▶ **The task**
Starting at the first line and ending at the one with "#1808 = DIRECTION", give the lines of the listing again exactly, and nothing else; skip the pictures.

▶ **Material for this task**
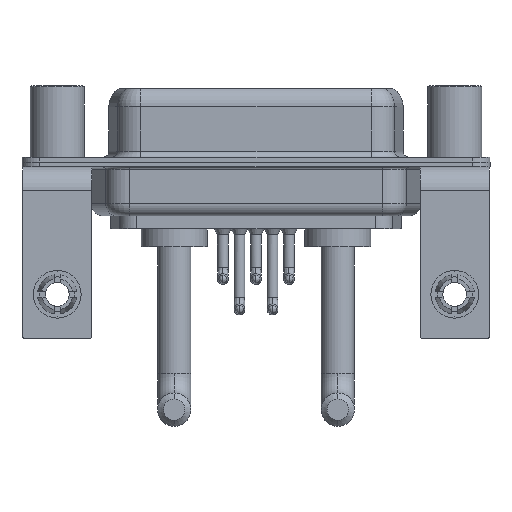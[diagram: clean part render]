
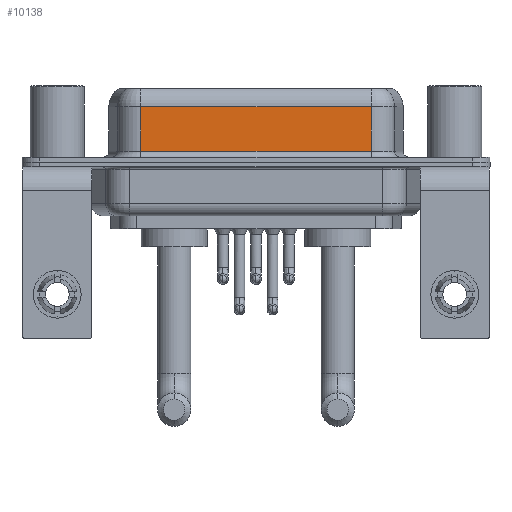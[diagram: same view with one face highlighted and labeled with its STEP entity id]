
A CAD part, front view. The second image highlights one B-rep face of the part: STEP entity #10138.
In plain terms, the highlighted planar face has unit normal (0, -1, 0).
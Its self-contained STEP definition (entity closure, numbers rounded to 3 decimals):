
#260 = CARTESIAN_POINT ( 'NONE',  ( 7.013, -3.95, 6.4 ) ) ;
#1808 = DIRECTION ( 'NONE',  ( 0., 0., 1. ) ) ;
#3059 = CARTESIAN_POINT ( 'NONE',  ( 26.287, -3.95, 6.4 ) ) ;
#4067 = VECTOR ( 'NONE', #5302, 1000. ) ;
#4134 = EDGE_CURVE ( 'NONE', #17912, #10076, #9059, .T. ) ;
#4794 = VERTEX_POINT ( 'NONE', #7143 ) ;
#4895 = LINE ( 'NONE', #260, #19051 ) ;
#5188 = ORIENTED_EDGE ( 'NONE', *, *, #4134, .T. ) ;
#5302 = DIRECTION ( 'NONE',  ( -1., 0., 0. ) ) ;
#5523 = CARTESIAN_POINT ( 'NONE',  ( 7.013, -3.95, 0.9 ) ) ;
#7143 = CARTESIAN_POINT ( 'NONE',  ( 26.287, -3.95, 4.65 ) ) ;
#8314 = DIRECTION ( 'NONE',  ( 0., 0., -1. ) ) ;
#8579 = EDGE_CURVE ( 'NONE', #19994, #17912, #4895, .T. ) ;
#9059 = LINE ( 'NONE', #15466, #18305 ) ;
#9766 = ORIENTED_EDGE ( 'NONE', *, *, #14887, .F. ) ;
#10076 = VERTEX_POINT ( 'NONE', #19083 ) ;
#10138 = ADVANCED_FACE ( 'NONE', ( #17640 ), #11140, .F. ) ;
#11140 = PLANE ( 'NONE',  #14162 ) ;
#11371 = EDGE_LOOP ( 'NONE', ( #9766, #13004, #19273, #5188 ) ) ;
#13004 = ORIENTED_EDGE ( 'NONE', *, *, #14453, .T. ) ;
#13161 = LINE ( 'NONE', #14801, #4067 ) ;
#13242 = LINE ( 'NONE', #19742, #14024 ) ;
#14024 = VECTOR ( 'NONE', #18097, 1000. ) ;
#14162 = AXIS2_PLACEMENT_3D ( 'NONE', #3059, #19180, #1808 ) ;
#14453 = EDGE_CURVE ( 'NONE', #4794, #19994, #13161, .T. ) ;
#14801 = CARTESIAN_POINT ( 'NONE',  ( 26.287, -3.95, 4.65 ) ) ;
#14887 = EDGE_CURVE ( 'NONE', #4794, #10076, #13242, .T. ) ;
#15360 = DIRECTION ( 'NONE',  ( 1., 0., 0. ) ) ;
#15466 = CARTESIAN_POINT ( 'NONE',  ( 26.287, -3.95, 0.9 ) ) ;
#15557 = CARTESIAN_POINT ( 'NONE',  ( 7.013, -3.95, 4.65 ) ) ;
#17640 = FACE_OUTER_BOUND ( 'NONE', #11371, .T. ) ;
#17912 = VERTEX_POINT ( 'NONE', #5523 ) ;
#18097 = DIRECTION ( 'NONE',  ( 0., 0., -1. ) ) ;
#18305 = VECTOR ( 'NONE', #15360, 1000. ) ;
#19051 = VECTOR ( 'NONE', #8314, 1000. ) ;
#19083 = CARTESIAN_POINT ( 'NONE',  ( 26.287, -3.95, 0.9 ) ) ;
#19180 = DIRECTION ( 'NONE',  ( 0., 1., 0. ) ) ;
#19273 = ORIENTED_EDGE ( 'NONE', *, *, #8579, .T. ) ;
#19742 = CARTESIAN_POINT ( 'NONE',  ( 26.287, -3.95, 6.4 ) ) ;
#19994 = VERTEX_POINT ( 'NONE', #15557 ) ;

▶ **Reply to the task**
[diagram: clean part render]
[diagram: same view with one face highlighted and labeled with its STEP entity id]
A CAD part, front view. The second image highlights one B-rep face of the part: STEP entity #10138.
In plain terms, the highlighted planar face has unit normal (0, -1, 0).
Its self-contained STEP definition (entity closure, numbers rounded to 3 decimals):
#260 = CARTESIAN_POINT ( 'NONE',  ( 7.013, -3.95, 6.4 ) ) ;
#1808 = DIRECTION ( 'NONE',  ( 0., 0., 1. ) ) ;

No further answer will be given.